The roaming style has hung around every week. Sometimes, the Eagles back off, with Baun playing classic off-ball football and Fangio trusting his line to win on their own with an early-down plugger (one of Baun or Dean) helping to create a five-man wall at the snap. Other times, the Eagles max out Baun’s movement sliding him down to the line late in the snap count. But the option is always there, right on the surface, ready for when Fangio needs it most.

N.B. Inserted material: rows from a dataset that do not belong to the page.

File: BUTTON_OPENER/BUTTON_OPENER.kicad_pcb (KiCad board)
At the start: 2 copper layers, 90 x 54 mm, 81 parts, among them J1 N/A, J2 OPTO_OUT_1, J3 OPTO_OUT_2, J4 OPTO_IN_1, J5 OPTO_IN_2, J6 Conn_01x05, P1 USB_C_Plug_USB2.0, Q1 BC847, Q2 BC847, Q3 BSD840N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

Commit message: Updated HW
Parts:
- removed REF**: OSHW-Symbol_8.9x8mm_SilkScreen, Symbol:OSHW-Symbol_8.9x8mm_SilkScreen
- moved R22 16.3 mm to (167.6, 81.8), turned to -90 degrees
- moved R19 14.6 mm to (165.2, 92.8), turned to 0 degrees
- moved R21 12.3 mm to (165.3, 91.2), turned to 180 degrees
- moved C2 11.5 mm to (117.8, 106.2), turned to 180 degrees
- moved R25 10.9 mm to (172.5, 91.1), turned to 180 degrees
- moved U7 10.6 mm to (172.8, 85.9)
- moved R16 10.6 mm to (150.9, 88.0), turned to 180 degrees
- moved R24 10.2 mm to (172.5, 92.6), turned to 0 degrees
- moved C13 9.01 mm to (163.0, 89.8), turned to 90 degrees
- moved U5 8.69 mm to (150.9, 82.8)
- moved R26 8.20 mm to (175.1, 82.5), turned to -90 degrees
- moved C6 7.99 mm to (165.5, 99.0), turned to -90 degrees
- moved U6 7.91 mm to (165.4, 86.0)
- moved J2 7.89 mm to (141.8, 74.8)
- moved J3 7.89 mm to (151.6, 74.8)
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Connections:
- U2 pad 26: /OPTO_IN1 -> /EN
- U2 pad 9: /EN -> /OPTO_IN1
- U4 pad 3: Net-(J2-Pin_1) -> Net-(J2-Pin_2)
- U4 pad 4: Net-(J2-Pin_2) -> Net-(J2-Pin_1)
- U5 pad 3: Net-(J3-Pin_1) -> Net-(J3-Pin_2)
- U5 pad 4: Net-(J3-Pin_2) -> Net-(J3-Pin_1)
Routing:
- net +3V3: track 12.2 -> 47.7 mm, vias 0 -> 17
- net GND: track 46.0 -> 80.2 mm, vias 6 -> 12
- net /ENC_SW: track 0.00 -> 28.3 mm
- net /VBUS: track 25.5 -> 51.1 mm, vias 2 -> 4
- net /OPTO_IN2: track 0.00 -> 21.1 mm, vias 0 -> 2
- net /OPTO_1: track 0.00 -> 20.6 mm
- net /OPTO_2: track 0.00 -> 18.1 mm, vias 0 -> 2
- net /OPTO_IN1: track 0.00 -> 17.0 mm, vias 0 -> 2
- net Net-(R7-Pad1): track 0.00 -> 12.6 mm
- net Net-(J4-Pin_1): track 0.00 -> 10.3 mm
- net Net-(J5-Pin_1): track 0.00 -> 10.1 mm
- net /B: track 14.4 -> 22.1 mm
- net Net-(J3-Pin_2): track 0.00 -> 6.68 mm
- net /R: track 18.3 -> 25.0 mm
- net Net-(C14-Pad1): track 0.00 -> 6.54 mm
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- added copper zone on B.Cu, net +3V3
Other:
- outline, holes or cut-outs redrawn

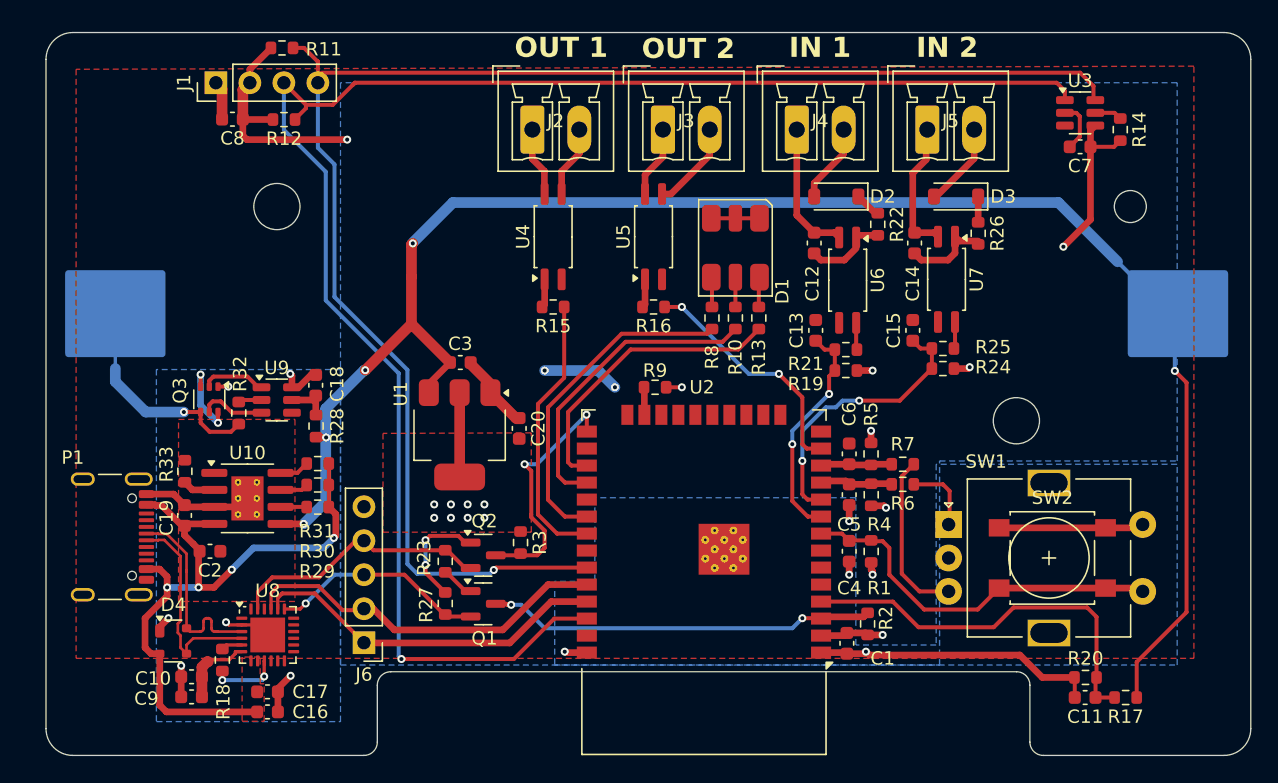
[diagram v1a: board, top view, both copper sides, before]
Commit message: Update
Connectors to screw terminals
Regulator to low dropout buck
USB C CC Resistors
IO2 pulldown resistor added
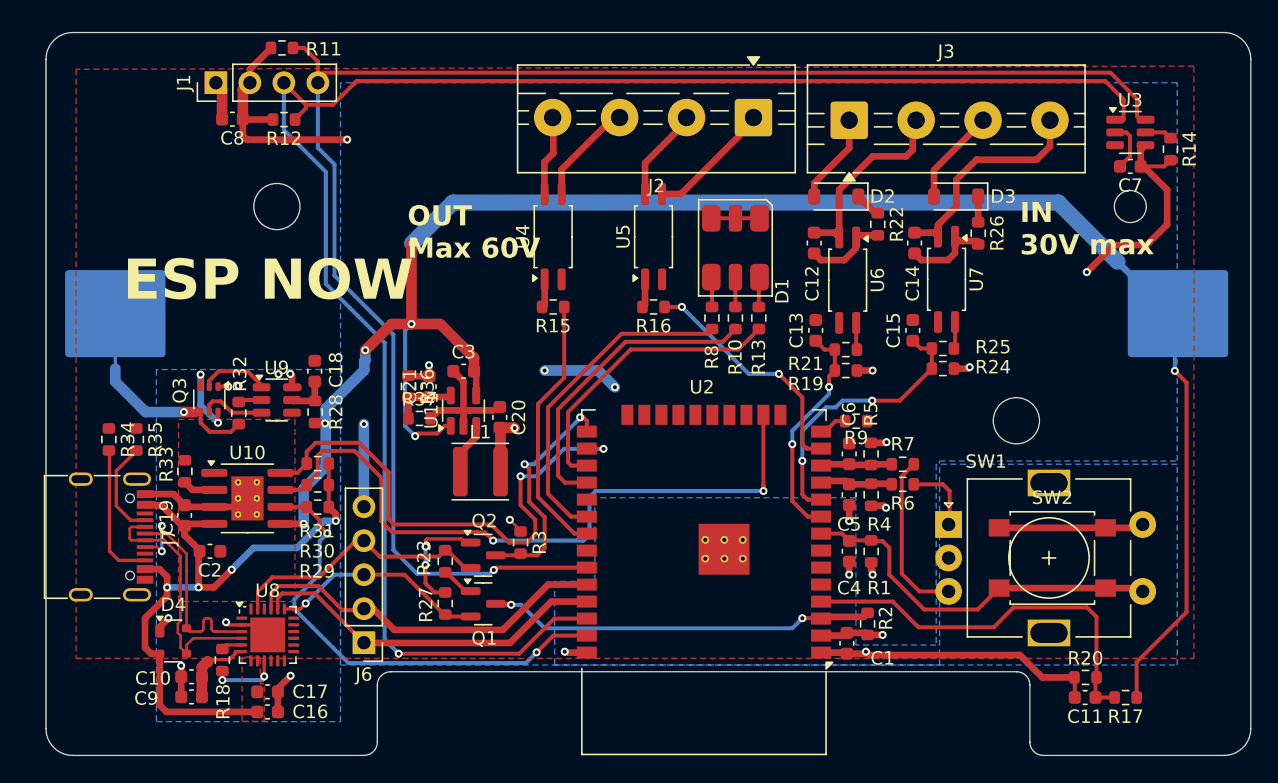
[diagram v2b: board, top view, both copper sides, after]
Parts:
- removed J4: OPTO_IN_1, Connector_Phoenix_MC:PhoenixContact_MCV_1,5_2-G-3.5_1x02_P3.50mm_Vertical
- removed J5: OPTO_IN_2, Connector_Phoenix_MC:PhoenixContact_MCV_1,5_2-G-3.5_1x02_P3.50mm_Vertical
- removed P1: USB_C_Plug_USB2.0, Connector_USB:USB_C_Receptacle_GCT_USB4105-xx-A_16P_TopMnt_Horizontal
- removed U1: N/A, Package_TO_SOT_SMD:SOT-223-3_TabPin2
- added C21: NC, Capacitor_SMD:C_0603_1608Metric, F.Cu at (134.1, 94.0)
- added J7: USB_C_Receptacle_USB2.0_14P, Connector_USB:USB_C_Receptacle_G-Switch_GT-USB-7010ASV, F.Cu at (109.2, 105.2)
- added L1: 2.2uH, Inductor_SMD:L_APV_ANR4020, F.Cu at (137.9, 100.3)
- added R34: 5.1k, Resistor_SMD:R_0603_1608Metric, F.Cu at (110.2, 97.9)
- added R35: 5.1k, Resistor_SMD:R_0603_1608Metric, F.Cu at (112.2, 97.9)
- added R36: 540K, Resistor_SMD:R_0603_1608Metric, F.Cu at (132.6, 94.0)
- added R37: 120K, Resistor_SMD:R_0603_1608Metric, F.Cu at (133.4, 96.3)
- added U11: TLV62568DBV, Package_TO_SOT_SMD:SOT-23-5, F.Cu at (136.7, 95.8)
- C20, C3: value 10uF -> 10uF 6.3V X7R
- J2: value OPTO_OUT_1 -> Screw_Terminal_01x04; footprint Connector_Phoenix_MC:PhoenixContact_MCV_1,5_2-G-3.5_1x02_P3.50mm_Vertical -> TerminalBlock:TerminalBlock_MaiXu_MX126-5.0-04P_1x04_P5.00mm
- J3: value OPTO_OUT_2 -> Screw_Terminal_01x04; footprint Connector_Phoenix_MC:PhoenixContact_MCV_1,5_2-G-3.5_1x02_P3.50mm_Vertical -> TerminalBlock:TerminalBlock_MaiXu_MX126-5.0-04P_1x04_P5.00mm
- U2: value N/A -> ESP32-WROOM
- U8: value N/A -> CP2102N
- moved J2 16.5 mm to (158.3, 73.8), turned to 180 degrees
- moved R9 15.2 mm to (166.0, 96.5), turned to 0 degrees
- moved J3 13.9 mm to (165.5, 74.0)
- moved C7 4.03 mm to (186.5, 77.5)
- moved R14 4.03 mm to (189.5, 76.2)
- moved U3 4.03 mm to (186.5, 75.0)
- moved C20 1.67 mm to (139.4, 96.2)
- moved R28 1.05 mm to (125.6, 95.8)
- moved C18 1.05 mm to (125.6, 92.8)
- moved C3 0.70 mm to (136.7, 92.8), turned to 0 degrees
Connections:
- C12 pad 2: Net-(J4-Pin_1) -> Net-(J3-Pin_2)
- C14 pad 2: Net-(J5-Pin_1) -> Net-(J3-Pin_4)
- J3 pad 1: Net-(J3-Pin_1) -> Net-(D2-A)
- R9 pad 1: +3V3 -> Net-(U2-IO12)
- R9 pad 2: Net-(U2-IO15) -> GND
- U2 pad 14: unconnected-(U2-IO12-Pad14) -> Net-(U2-IO12)
- U2 pad 16: /STDBY -> /CHRG
- U2 pad 23: Net-(U2-IO15) -> unconnected-(U2-IO15-Pad23)
- U2 pad 37: /CHRG -> /STDBY
- U4 pad 3: Net-(J2-Pin_2) -> Net-(J2-Pin_3)
- U4 pad 4: Net-(J2-Pin_1) -> Net-(J2-Pin_4)
- U5 pad 3: Net-(J3-Pin_2) -> Net-(J2-Pin_1)
- U5 pad 4: Net-(J3-Pin_1) -> Net-(J2-Pin_2)
- U6 pad 2: Net-(J4-Pin_1) -> Net-(J3-Pin_2)
- U7 pad 2: Net-(J5-Pin_1) -> Net-(J3-Pin_4)
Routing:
- net /CHRG: track 2.10 -> 51.6 mm, vias 0 -> 2
- net /EN: track 2.24 -> 39.0 mm, vias 0 -> 2
- net /STDBY: track 1.96 -> 35.6 mm, vias 0 -> 2
- net Net-(J3-Pin_4): track 0.00 -> 16.8 mm
- net /VBAT: track 126.3 -> 140.6 mm, vias 5 -> 7
- net Net-(J7-CC2): track 0.00 -> 10.3 mm
- net Net-(J4-Pin_1): track 10.3 -> 0.00 mm
- net Net-(J5-Pin_1): track 10.1 -> 0.00 mm
- net GND: track 80.2 -> 88.6 mm, vias 12 -> 15
- net Net-(J3-Pin_2): track 6.68 -> 14.6 mm
- net Net-(J2-Pin_3): track 0.00 -> 7.72 mm
- net Net-(J7-CC1): track 0.00 -> 7.26 mm
- net /SCL: track 124.1 -> 129.9 mm
- net Net-(J2-Pin_4): track 0.00 -> 5.75 mm
- net Net-(J3-Pin_1): track 5.37 -> 0.00 mm
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- removed copper zone on F.Cu, net +3V3
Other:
- board text added: "BAT+"
- board text added: "BAT-"
- board text added: "ESP NOW"
- board text added: "IN 30V max"
- board text added: "OUT Max 60V"
- board text removed: "IN 1"
- board text removed: "IN 2"
- board text removed: "OUT 1"
- board text removed: "OUT 2"

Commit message: PCB ordered with this commit
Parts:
- added H1: MountingHole, MountingHole:MountingHole_3.2mm_M3, F.Cu at (109.2, 71.2)
- added H2: MountingHole, MountingHole:MountingHole_3.2mm_M3, F.Cu at (109.2, 117.8)
- added H3: MountingHole, MountingHole:MountingHole_3.2mm_M3, F.Cu at (191.8, 71.2)
- added H4: MountingHole, MountingHole:MountingHole_3.2mm_M3, F.Cu at (191.8, 117.8)
- C1: value 10uF -> 10uF 6.3V X7R
- C10, C11, C12, C13, C14, C15, C17, C18, C19, C4, C7, C8: value 100nF -> 100nF 10V X7R
- C16, C9: value 4.7uF -> 4.7uF 10V X7R
- C2: value 1uF -> 1uF 10V X7R
- C21: value NC -> 22pF
- C5, C6: value N/A -> 100nF 10V X7R
- R10: value 1k -> 1K5
- R11, R12: value 3k3 -> 3K3
- R13, R15, R16, R21, R25, R32, R8: value 1k -> 1K
- R20: value 1k -> 8K2
- R22, R26: value 10k -> 10K
- R29, R30: value N/A -> 47K
- R31: value N/A -> 0R
- R33: value 2k2 -> 2K2
- R34, R35: value 5.1k -> 5K1
- R4, R5: value N/A -> 6K8
- R6, R7: value N/A -> 1K
- U11: value TLV62568DBV -> SUNTEK SK6615CS5
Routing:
- net +3V3: track 53.0 -> 53.5 mm, vias 11 -> 12
- added copper zone on F.Cu, net +3V3

Moving alone is one thing. Making it effective is something else. The tactic would be neutered if the player doing the moving cannot hang in several roles. They have to be a plus off the ball in their designated spot while filling in as a heavy edge-defender who can bang away in the trenches. The move ‘backer also has to show they can slide out into coverage from the edge spot if required, which is why Pratt was instrumental to the Bengals in their deep playoff runs. Baun offers that, too.
Can you slide out into the flat to protect against the boot? You got it, coach.
How about sinking back into coverage and catching a crosser splicing across the formation? Yep, Baun has it sorted.
What about rushing from that spot? C’mon. For Baun, that’s old hat.
That’s the distinction between Baun and Pratt, even at the apex of his powers. Pratt was an effort player up on the line. But he didn’t have the chops to be a true rushing threat if the offense pulled the ball from heavy looks to take a play-action shot. He was a trier but was not proficient at beating blocks and chasing QBs. Baun is. It’s what he’s done his whole life – save for this season in Philadelphia.